• _Your assignment_: A verbatim reproduction of the lines below, from the line containing "#279=EDGE_CURVE('E162',#276,#278,#274,.T.);" through the line containing "#313=VECTOR('',#312,1.);", both ends included, is the whole required output.

• _Information given_:

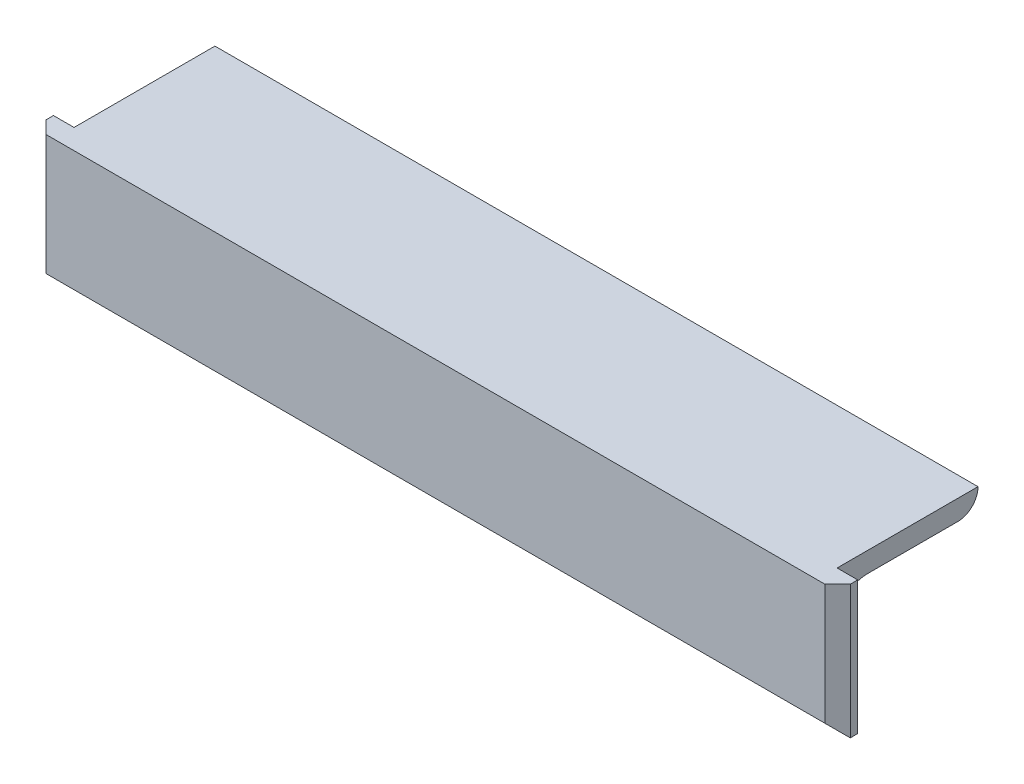
ISO-10303-21;
HEADER;
FILE_DESCRIPTION(('STEP AP214'),'2;1');
FILE_NAME('part.step','',(''),(''),'','','');
FILE_SCHEMA(('AUTOMOTIVE_DESIGN { 1 0 10303 214 1 1 1 1 }'));
ENDSEC;
DATA;
#1=APPLICATION_CONTEXT('core data for automotive mechanical design processes');
#2=APPLICATION_PROTOCOL_DEFINITION('international standard','automotive_design',2000,#1);
#3=PRODUCT_CONTEXT('',#1,'mechanical');
#4=PRODUCT('Part','Part','',(#3));
#5=PRODUCT_RELATED_PRODUCT_CATEGORY('part','',(#4));
#6=PRODUCT_DEFINITION_FORMATION('','',#4);
#7=PRODUCT_DEFINITION_CONTEXT('part definition',#1,'design');
#8=PRODUCT_DEFINITION('design','',#6,#7);
#9=PRODUCT_DEFINITION_SHAPE('','',#8);
#10=(LENGTH_UNIT() NAMED_UNIT(*) SI_UNIT(.MILLI.,.METRE.));
#11=(NAMED_UNIT(*) PLANE_ANGLE_UNIT() SI_UNIT($,.RADIAN.));
#12=(NAMED_UNIT(*) SI_UNIT($,.STERADIAN.) SOLID_ANGLE_UNIT());
#13=UNCERTAINTY_MEASURE_WITH_UNIT(LENGTH_MEASURE(1.E-05),#10,'distance_accuracy_value','');
#14=(GEOMETRIC_REPRESENTATION_CONTEXT(3) GLOBAL_UNCERTAINTY_ASSIGNED_CONTEXT((#13)) GLOBAL_UNIT_ASSIGNED_CONTEXT((#10,
#11,#12)) REPRESENTATION_CONTEXT('',''));
#15=CARTESIAN_POINT('',(0.,0.,0.));
#16=DIRECTION('',(0.,0.,1.));
#17=DIRECTION('',(1.,0.,0.));
#18=AXIS2_PLACEMENT_3D('',#15,#16,#17);
#19=CARTESIAN_POINT('',(63.435,-7.93749999999994,-7.93750000000005));
#20=DIRECTION('',(-1.,0.,0.));
#21=DIRECTION('',(0.,-1.,0.));
#22=AXIS2_PLACEMENT_3D('',#19,#20,#21);
#23=CYLINDRICAL_SURFACE('',#22,4.7625);
#24=CARTESIAN_POINT('',(-60.185,-7.93749999999996,-7.93750000000005));
#25=DIRECTION('',(-1.,0.,0.));
#26=DIRECTION('',(0.,0.,1.));
#27=AXIS2_PLACEMENT_3D('',#24,#25,#26);
#28=CIRCLE('',#27,4.7625);
#29=CARTESIAN_POINT('',(-60.185,-3.17499999999996,-7.93750000000002));
#30=VERTEX_POINT('',#29);
#31=CARTESIAN_POINT('',(-60.185,-7.93749999999999,-3.17500000000005));
#32=VERTEX_POINT('',#31);
#33=EDGE_CURVE('E190',#30,#32,#28,.F.);
#34=ORIENTED_EDGE('',*,*,#33,.F.);
#35=DIRECTION('',(-1.,0.,0.));
#36=VECTOR('',#35,1.);
#37=CARTESIAN_POINT('',(63.435,-3.17499999999994,-7.93750000000002));
#38=LINE('',#37,#36);
#39=CARTESIAN_POINT('',(60.185,-3.17499999999994,-7.93750000000002));
#40=VERTEX_POINT('',#39);
#41=EDGE_CURVE('E204',#40,#30,#38,.T.);
#42=ORIENTED_EDGE('',*,*,#41,.F.);
#43=CARTESIAN_POINT('',(60.185,-7.93749999999994,-7.93750000000005));
#44=DIRECTION('',(-1.,0.,0.));
#45=DIRECTION('',(0.,0.,1.));
#46=AXIS2_PLACEMENT_3D('',#43,#44,#45);
#47=CIRCLE('',#46,4.7625);
#48=CARTESIAN_POINT('',(60.185,-7.93749999999997,-3.17500000000005));
#49=VERTEX_POINT('',#48);
#50=EDGE_CURVE('E263',#40,#49,#47,.F.);
#51=ORIENTED_EDGE('',*,*,#50,.T.);
#52=DIRECTION('',(-1.,0.,0.));
#53=VECTOR('',#52,1.);
#54=CARTESIAN_POINT('',(63.435,-7.93749999999997,-3.17500000000005));
#55=LINE('',#54,#53);
#56=EDGE_CURVE('E167',#49,#32,#55,.T.);
#57=ORIENTED_EDGE('',*,*,#56,.T.);
#58=EDGE_LOOP('',(#34,#42,#51,#57));
#59=FACE_BOUND('',#58,.T.);
#60=ADVANCED_FACE('F66',(#59),#23,.F.);
#61=CARTESIAN_POINT('',(63.435,-3.17499999999982,-22.23008));
#62=DIRECTION('',(0.,1.,0.));
#63=DIRECTION('',(0.,0.,1.));
#64=AXIS2_PLACEMENT_3D('',#61,#62,#63);
#65=PLANE('',#64);
#66=DIRECTION('',(0.,0.,1.));
#67=VECTOR('',#66,1.);
#68=CARTESIAN_POINT('',(-60.185,-3.17499999999984,-22.23008));
#69=LINE('',#68,#67);
#70=CARTESIAN_POINT('',(-60.185,-3.17499999999984,-22.23008));
#71=VERTEX_POINT('',#70);
#72=EDGE_CURVE('E267',#71,#30,#69,.T.);
#73=ORIENTED_EDGE('',*,*,#72,.F.);
#74=DIRECTION('',(-1.,0.,0.));
#75=VECTOR('',#74,1.);
#76=CARTESIAN_POINT('',(63.435,-3.17499999999981,-22.23008));
#77=LINE('',#76,#75);
#78=CARTESIAN_POINT('',(60.185,-3.17499999999981,-22.23008));
#79=VERTEX_POINT('',#78);
#80=EDGE_CURVE('E201',#79,#71,#77,.T.);
#81=ORIENTED_EDGE('',*,*,#80,.F.);
#82=DIRECTION('',(0.,0.,1.));
#83=VECTOR('',#82,1.);
#84=CARTESIAN_POINT('',(60.185,-3.17499999999982,-22.23008));
#85=LINE('',#84,#83);
#86=EDGE_CURVE('E260',#79,#40,#85,.T.);
#87=ORIENTED_EDGE('',*,*,#86,.T.);
#88=ORIENTED_EDGE('',*,*,#41,.T.);
#89=EDGE_LOOP('',(#73,#81,#87,#88));
#90=FACE_BOUND('',#89,.T.);
#91=ADVANCED_FACE('F281',(#90),#65,.F.);
#92=CARTESIAN_POINT('',(63.435,-0.00507999999982166,-22.23008));
#93=DIRECTION('',(-1.,0.,0.));
#94=DIRECTION('',(0.,-1.,0.));
#95=AXIS2_PLACEMENT_3D('',#92,#93,#94);
#96=CYLINDRICAL_SURFACE('',#95,3.16991999999999);
#97=CARTESIAN_POINT('',(-60.185,-0.00507999999984437,-22.23008));
#98=DIRECTION('',(-1.,0.,0.));
#99=DIRECTION('',(0.,0.,1.));
#100=AXIS2_PLACEMENT_3D('',#97,#98,#99);
#101=CIRCLE('',#100,3.16991999999999);
#102=CARTESIAN_POINT('',(-60.185,-0.00507999999982238,-25.4));
#103=VERTEX_POINT('',#102);
#104=EDGE_CURVE('E266',#103,#71,#101,.T.);
#105=ORIENTED_EDGE('',*,*,#104,.F.);
#106=DIRECTION('',(-1.,0.,0.));
#107=VECTOR('',#106,1.);
#108=CARTESIAN_POINT('',(63.435,-0.00507999999979933,-25.4));
#109=LINE('',#108,#107);
#110=CARTESIAN_POINT('',(60.185,-0.00507999999982238,-25.4));
#111=VERTEX_POINT('',#110);
#112=EDGE_CURVE('E198',#111,#103,#109,.T.);
#113=ORIENTED_EDGE('',*,*,#112,.F.);
#114=CARTESIAN_POINT('',(60.185,-0.00507999999982225,-22.23008));
#115=DIRECTION('',(-1.,0.,0.));
#116=DIRECTION('',(0.,0.,1.));
#117=AXIS2_PLACEMENT_3D('',#114,#115,#116);
#118=CIRCLE('',#117,3.16991999999999);
#119=EDGE_CURVE('E251',#111,#79,#118,.T.);
#120=ORIENTED_EDGE('',*,*,#119,.T.);
#121=ORIENTED_EDGE('',*,*,#80,.T.);
#122=EDGE_LOOP('',(#105,#113,#120,#121));
#123=FACE_BOUND('',#122,.T.);
#124=ADVANCED_FACE('F284',(#123),#96,.T.);
#125=CARTESIAN_POINT('',(63.435,2.00672892924405E-13,-25.4));
#126=DIRECTION('',(0.,0.,1.));
#127=DIRECTION('',(1.,0.,0.));
#128=AXIS2_PLACEMENT_3D('',#125,#126,#127);
#129=PLANE('',#128);
#130=DIRECTION('',(0.,1.,0.));
#131=VECTOR('',#130,1.);
#132=CARTESIAN_POINT('',(-60.185,-9.99999999999982,-25.4000000000001));
#133=LINE('',#132,#131);
#134=CARTESIAN_POINT('',(-60.185,1.77367252013231E-13,-25.4));
#135=VERTEX_POINT('',#134);
#136=EDGE_CURVE('E248',#103,#135,#133,.T.);
#137=ORIENTED_EDGE('',*,*,#136,.T.);
#138=DIRECTION('',(-1.,0.,0.));
#139=VECTOR('',#138,1.);
#140=CARTESIAN_POINT('',(63.435,2.00672892924405E-13,-25.4));
#141=LINE('',#140,#139);
#142=CARTESIAN_POINT('',(60.185,1.77367252013231E-13,-25.4));
#143=VERTEX_POINT('',#142);
#144=EDGE_CURVE('E195',#143,#135,#141,.T.);
#145=ORIENTED_EDGE('',*,*,#144,.F.);
#146=DIRECTION('',(0.,1.,0.));
#147=VECTOR('',#146,1.);
#148=CARTESIAN_POINT('',(60.185,-9.99999999999982,-25.4000000000001));
#149=LINE('',#148,#147);
#150=EDGE_CURVE('E255',#111,#143,#149,.T.);
#151=ORIENTED_EDGE('',*,*,#150,.F.);
#152=ORIENTED_EDGE('',*,*,#112,.T.);
#153=EDGE_LOOP('',(#137,#145,#151,#152));
#154=FACE_BOUND('',#153,.T.);
#155=ADVANCED_FACE('F290',(#154),#129,.F.);
#156=CARTESIAN_POINT('',(63.435,0.,0.));
#157=DIRECTION('',(0.,-1.,0.));
#158=DIRECTION('',(0.,0.,-1.));
#159=AXIS2_PLACEMENT_3D('',#156,#157,#158);
#160=PLANE('',#159);
#161=DIRECTION('',(-1.,0.,0.));
#162=VECTOR('',#161,1.);
#163=CARTESIAN_POINT('',(63.435,0.,0.));
#164=LINE('',#163,#162);
#165=CARTESIAN_POINT('',(61.435,0.,0.));
#166=VERTEX_POINT('',#165);
#167=CARTESIAN_POINT('',(-61.435,0.,0.));
#168=VERTEX_POINT('',#167);
#169=EDGE_CURVE('E185',#166,#168,#164,.T.);
#170=ORIENTED_EDGE('',*,*,#169,.F.);
#171=DIRECTION('',(-0.70710678118655,0.,0.707106781186545));
#172=VECTOR('',#171,1.);
#173=CARTESIAN_POINT('',(63.435,0.,-1.99999999999999));
#174=LINE('',#173,#172);
#175=CARTESIAN_POINT('',(63.435,0.,-1.99999999999999));
#176=VERTEX_POINT('',#175);
#177=EDGE_CURVE('E74',#166,#176,#174,.F.);
#178=ORIENTED_EDGE('',*,*,#177,.T.);
#179=DIRECTION('',(0.,0.,1.));
#180=VECTOR('',#179,1.);
#181=CARTESIAN_POINT('',(63.435,0.,0.));
#182=LINE('',#181,#180);
#183=CARTESIAN_POINT('',(63.435,0.,-3.175));
#184=VERTEX_POINT('',#183);
#185=EDGE_CURVE('E182',#184,#176,#182,.T.);
#186=ORIENTED_EDGE('',*,*,#185,.F.);
#187=DIRECTION('',(-1.,0.,0.));
#188=VECTOR('',#187,1.);
#189=CARTESIAN_POINT('',(0.,0.,-3.17499999999999));
#190=LINE('',#189,#188);
#191=CARTESIAN_POINT('',(60.185,0.,-3.17499999999999));
#192=VERTEX_POINT('',#191);
#193=EDGE_CURVE('E180',#184,#192,#190,.T.);
#194=ORIENTED_EDGE('',*,*,#193,.T.);
#195=DIRECTION('',(0.,0.,1.));
#196=VECTOR('',#195,1.);
#197=CARTESIAN_POINT('',(60.185,0.,0.));
#198=LINE('',#197,#196);
#199=EDGE_CURVE('E236',#143,#192,#198,.T.);
#200=ORIENTED_EDGE('',*,*,#199,.F.);
#201=ORIENTED_EDGE('',*,*,#144,.T.);
#202=DIRECTION('',(0.,0.,1.));
#203=VECTOR('',#202,1.);
#204=CARTESIAN_POINT('',(-60.185,0.,0.));
#205=LINE('',#204,#203);
#206=CARTESIAN_POINT('',(-60.185,0.,-3.17499999999999));
#207=VERTEX_POINT('',#206);
#208=EDGE_CURVE('E241',#135,#207,#205,.T.);
#209=ORIENTED_EDGE('',*,*,#208,.T.);
#210=DIRECTION('',(-1.,0.,0.));
#211=VECTOR('',#210,1.);
#212=CARTESIAN_POINT('',(0.,0.,-3.17499999999999));
#213=LINE('',#212,#211);
#214=CARTESIAN_POINT('',(-63.435,0.,-3.17499999999999));
#215=VERTEX_POINT('',#214);
#216=EDGE_CURVE('E244',#207,#215,#213,.T.);
#217=ORIENTED_EDGE('',*,*,#216,.T.);
#218=DIRECTION('',(0.,0.,1.));
#219=VECTOR('',#218,1.);
#220=CARTESIAN_POINT('',(-63.435,0.,0.));
#221=LINE('',#220,#219);
#222=CARTESIAN_POINT('',(-63.435,0.,-2.00000000000003));
#223=VERTEX_POINT('',#222);
#224=EDGE_CURVE('E183',#215,#223,#221,.T.);
#225=ORIENTED_EDGE('',*,*,#224,.T.);
#226=DIRECTION('',(0.707106781186542,0.,0.707106781186553));
#227=VECTOR('',#226,1.);
#228=CARTESIAN_POINT('',(-61.435,0.,0.));
#229=LINE('',#228,#227);
#230=EDGE_CURVE('E86',#223,#168,#229,.T.);
#231=ORIENTED_EDGE('',*,*,#230,.T.);
#232=EDGE_LOOP('',(#170,#178,#186,#194,#200,#201,#209,#217,#225,#231));
#233=FACE_BOUND('',#232,.T.);
#234=ADVANCED_FACE('F224',(#233),#160,.F.);
#235=CARTESIAN_POINT('',(63.435,-0.00507999999982166,-22.23008));
#236=DIRECTION('',(-1.,0.,0.));
#237=DIRECTION('',(0.,-1.,0.));
#238=AXIS2_PLACEMENT_3D('',#235,#236,#237);
#239=PLANE('',#238);
#240=ORIENTED_EDGE('',*,*,#185,.T.);
#241=DIRECTION('',(0.,-1.,0.));
#242=VECTOR('',#241,1.);
#243=CARTESIAN_POINT('',(63.435,-0.00507999999996292,-1.99999999999999));
#244=LINE('',#243,#242);
#245=CARTESIAN_POINT('',(63.435,-21.,-1.99999999999999));
#246=VERTEX_POINT('',#245);
#247=EDGE_CURVE('E176',#176,#246,#244,.T.);
#248=ORIENTED_EDGE('',*,*,#247,.T.);
#249=DIRECTION('',(0.,0.,1.));
#250=VECTOR('',#249,1.);
#251=CARTESIAN_POINT('',(63.435,-21.,-10.));
#252=LINE('',#251,#250);
#253=CARTESIAN_POINT('',(63.435,-21.,-3.17500000000015));
#254=VERTEX_POINT('',#253);
#255=EDGE_CURVE('E160',#254,#246,#252,.T.);
#256=ORIENTED_EDGE('',*,*,#255,.F.);
#257=DIRECTION('',(0.,1.,0.));
#258=VECTOR('',#257,1.);
#259=CARTESIAN_POINT('',(63.435,-7.93749999999997,-3.17500000000005));
#260=LINE('',#259,#258);
#261=EDGE_CURVE('E173',#254,#184,#260,.T.);
#262=ORIENTED_EDGE('',*,*,#261,.T.);
#263=EDGE_LOOP('',(#240,#248,#256,#262));
#264=FACE_BOUND('',#263,.T.);
#265=ADVANCED_FACE('F172',(#264),#239,.F.);
#266=CARTESIAN_POINT('',(-63.435,-0.00507999999984496,-22.23008));
#267=DIRECTION('',(-1.,0.,0.));
#268=DIRECTION('',(0.,-1.,0.));
#269=AXIS2_PLACEMENT_3D('',#266,#267,#268);
#270=PLANE('',#269);
#271=DIRECTION('',(0.,0.,1.));
#272=VECTOR('',#271,1.);
#273=CARTESIAN_POINT('',(-63.435,-21.,-10.));
#274=LINE('',#273,#272);
#275=CARTESIAN_POINT('',(-63.435,-21.,-3.17500000000014));
#276=VERTEX_POINT('',#275);
#277=CARTESIAN_POINT('',(-63.435,-21.,-1.99999999999999));
#278=VERTEX_POINT('',#277);
#279=EDGE_CURVE('E162',#276,#278,#274,.T.);
#280=ORIENTED_EDGE('',*,*,#279,.T.);
#281=DIRECTION('',(0.,1.,0.));
#282=VECTOR('',#281,1.);
#283=CARTESIAN_POINT('',(-63.435,0.,-2.00000000000003));
#284=LINE('',#283,#282);
#285=EDGE_CURVE('E13',#278,#223,#284,.T.);
#286=ORIENTED_EDGE('',*,*,#285,.T.);
#287=ORIENTED_EDGE('',*,*,#224,.F.);
#288=DIRECTION('',(0.,1.,0.));
#289=VECTOR('',#288,1.);
#290=CARTESIAN_POINT('',(-63.435,-7.93749999999999,-3.17500000000005));
#291=LINE('',#290,#289);
#292=EDGE_CURVE('E187',#276,#215,#291,.T.);
#293=ORIENTED_EDGE('',*,*,#292,.F.);
#294=EDGE_LOOP('',(#280,#286,#287,#293));
#295=FACE_BOUND('',#294,.T.);
#296=ADVANCED_FACE('F235',(#295),#270,.T.);
#297=CARTESIAN_POINT('',(63.435,-25.4,-1.77367252013231E-13));
#298=DIRECTION('',(0.,0.,-1.));
#299=DIRECTION('',(0.,1.,0.));
#300=AXIS2_PLACEMENT_3D('',#297,#298,#299);
#301=PLANE('',#300);
#302=DIRECTION('',(1.,0.,0.));
#303=VECTOR('',#302,1.);
#304=CARTESIAN_POINT('',(63.435,-19.0000000000002,-1.3267629087604E-13));
#305=LINE('',#304,#303);
#306=CARTESIAN_POINT('',(-61.435,-19.0000000000002,-1.3267629087604E-13));
#307=VERTEX_POINT('',#306);
#308=CARTESIAN_POINT('',(61.435,-19.0000000000002,-1.3267629087604E-13));
#309=VERTEX_POINT('',#308);
#310=EDGE_CURVE('E210',#307,#309,#305,.T.);
#311=ORIENTED_EDGE('',*,*,#310,.T.);
#312=DIRECTION('',(0.,1.,0.));
#313=VECTOR('',#312,1.);
#314=CARTESIAN_POINT('',(61.435,-25.4,-1.77367252013231E-13));
#315=LINE('',#314,#313);
#316=EDGE_CURVE('E221',#309,#166,#315,.T.);
#317=ORIENTED_EDGE('',*,*,#316,.T.);
#318=ORIENTED_EDGE('',*,*,#169,.T.);
#319=DIRECTION('',(0.,-1.,0.));
#320=VECTOR('',#319,1.);
#321=CARTESIAN_POINT('',(-61.435,-19.0000000000002,-1.3267629087604E-13));
#322=LINE('',#321,#320);
#323=EDGE_CURVE('E218',#168,#307,#322,.T.);
#324=ORIENTED_EDGE('',*,*,#323,.T.);
#325=EDGE_LOOP('',(#311,#317,#318,#324));
#326=FACE_BOUND('',#325,.T.);
#327=ADVANCED_FACE('F232',(#326),#301,.F.);
#328=CARTESIAN_POINT('',(63.435,-7.93749999999997,-3.17500000000005));
#329=DIRECTION('',(0.,0.,1.));
#330=DIRECTION('',(0.,-1.,0.));
#331=AXIS2_PLACEMENT_3D('',#328,#329,#330);
#332=PLANE('',#331);
#333=ORIENTED_EDGE('',*,*,#261,.F.);
#334=DIRECTION('',(-1.,0.,0.));
#335=VECTOR('',#334,1.);
#336=CARTESIAN_POINT('',(63.435,-21.,-3.17500000000014));
#337=LINE('',#336,#335);
#338=EDGE_CURVE('E156',#254,#276,#337,.T.);
#339=ORIENTED_EDGE('',*,*,#338,.T.);
#340=ORIENTED_EDGE('',*,*,#292,.T.);
#341=ORIENTED_EDGE('',*,*,#216,.F.);
#342=DIRECTION('',(0.,1.,0.));
#343=VECTOR('',#342,1.);
#344=CARTESIAN_POINT('',(-60.185,-9.99999999999998,-3.17500000000007));
#345=LINE('',#344,#343);
#346=EDGE_CURVE('E249',#32,#207,#345,.T.);
#347=ORIENTED_EDGE('',*,*,#346,.F.);
#348=ORIENTED_EDGE('',*,*,#56,.F.);
#349=DIRECTION('',(0.,1.,0.));
#350=VECTOR('',#349,1.);
#351=CARTESIAN_POINT('',(60.185,-9.99999999999998,-3.17500000000007));
#352=LINE('',#351,#350);
#353=EDGE_CURVE('E245',#49,#192,#352,.T.);
#354=ORIENTED_EDGE('',*,*,#353,.T.);
#355=ORIENTED_EDGE('',*,*,#193,.F.);
#356=EDGE_LOOP('',(#333,#339,#340,#341,#347,#348,#354,#355));
#357=FACE_BOUND('',#356,.T.);
#358=ADVANCED_FACE('F178',(#357),#332,.F.);
#359=CARTESIAN_POINT('',(-60.185,-10.,0.));
#360=DIRECTION('',(-1.,0.,0.));
#361=DIRECTION('',(0.,0.,1.));
#362=AXIS2_PLACEMENT_3D('',#359,#360,#361);
#363=PLANE('',#362);
#364=ORIENTED_EDGE('',*,*,#33,.T.);
#365=ORIENTED_EDGE('',*,*,#346,.T.);
#366=ORIENTED_EDGE('',*,*,#208,.F.);
#367=ORIENTED_EDGE('',*,*,#136,.F.);
#368=ORIENTED_EDGE('',*,*,#104,.T.);
#369=ORIENTED_EDGE('',*,*,#72,.T.);
#370=EDGE_LOOP('',(#364,#365,#366,#367,#368,#369));
#371=FACE_BOUND('',#370,.T.);
#372=ADVANCED_FACE('F272',(#371),#363,.T.);
#373=CARTESIAN_POINT('',(60.185,-10.,0.));
#374=DIRECTION('',(-1.,0.,0.));
#375=DIRECTION('',(0.,0.,1.));
#376=AXIS2_PLACEMENT_3D('',#373,#374,#375);
#377=PLANE('',#376);
#378=ORIENTED_EDGE('',*,*,#86,.F.);
#379=ORIENTED_EDGE('',*,*,#119,.F.);
#380=ORIENTED_EDGE('',*,*,#150,.T.);
#381=ORIENTED_EDGE('',*,*,#199,.T.);
#382=ORIENTED_EDGE('',*,*,#353,.F.);
#383=ORIENTED_EDGE('',*,*,#50,.F.);
#384=EDGE_LOOP('',(#378,#379,#380,#381,#382,#383));
#385=FACE_BOUND('',#384,.T.);
#386=ADVANCED_FACE('F278',(#385),#377,.F.);
#387=CARTESIAN_POINT('',(-63.435,-21.,-10.));
#388=DIRECTION('',(0.,1.,0.));
#389=DIRECTION('',(0.,0.,1.));
#390=AXIS2_PLACEMENT_3D('',#387,#388,#389);
#391=PLANE('',#390);
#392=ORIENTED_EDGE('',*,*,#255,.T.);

• _Response for this exercise_:
#279=EDGE_CURVE('E162',#276,#278,#274,.T.);
#280=ORIENTED_EDGE('',*,*,#279,.T.);
#281=DIRECTION('',(0.,1.,0.));
#282=VECTOR('',#281,1.);
#283=CARTESIAN_POINT('',(-63.435,0.,-2.00000000000003));
#284=LINE('',#283,#282);
#285=EDGE_CURVE('E13',#278,#223,#284,.T.);
#286=ORIENTED_EDGE('',*,*,#285,.T.);
#287=ORIENTED_EDGE('',*,*,#224,.F.);
#288=DIRECTION('',(0.,1.,0.));
#289=VECTOR('',#288,1.);
#290=CARTESIAN_POINT('',(-63.435,-7.93749999999999,-3.17500000000005));
#291=LINE('',#290,#289);
#292=EDGE_CURVE('E187',#276,#215,#291,.T.);
#293=ORIENTED_EDGE('',*,*,#292,.F.);
#294=EDGE_LOOP('',(#280,#286,#287,#293));
#295=FACE_BOUND('',#294,.T.);
#296=ADVANCED_FACE('F235',(#295),#270,.T.);
#297=CARTESIAN_POINT('',(63.435,-25.4,-1.77367252013231E-13));
#298=DIRECTION('',(0.,0.,-1.));
#299=DIRECTION('',(0.,1.,0.));
#300=AXIS2_PLACEMENT_3D('',#297,#298,#299);
#301=PLANE('',#300);
#302=DIRECTION('',(1.,0.,0.));
#303=VECTOR('',#302,1.);
#304=CARTESIAN_POINT('',(63.435,-19.0000000000002,-1.3267629087604E-13));
#305=LINE('',#304,#303);
#306=CARTESIAN_POINT('',(-61.435,-19.0000000000002,-1.3267629087604E-13));
#307=VERTEX_POINT('',#306);
#308=CARTESIAN_POINT('',(61.435,-19.0000000000002,-1.3267629087604E-13));
#309=VERTEX_POINT('',#308);
#310=EDGE_CURVE('E210',#307,#309,#305,.T.);
#311=ORIENTED_EDGE('',*,*,#310,.T.);
#312=DIRECTION('',(0.,1.,0.));
#313=VECTOR('',#312,1.);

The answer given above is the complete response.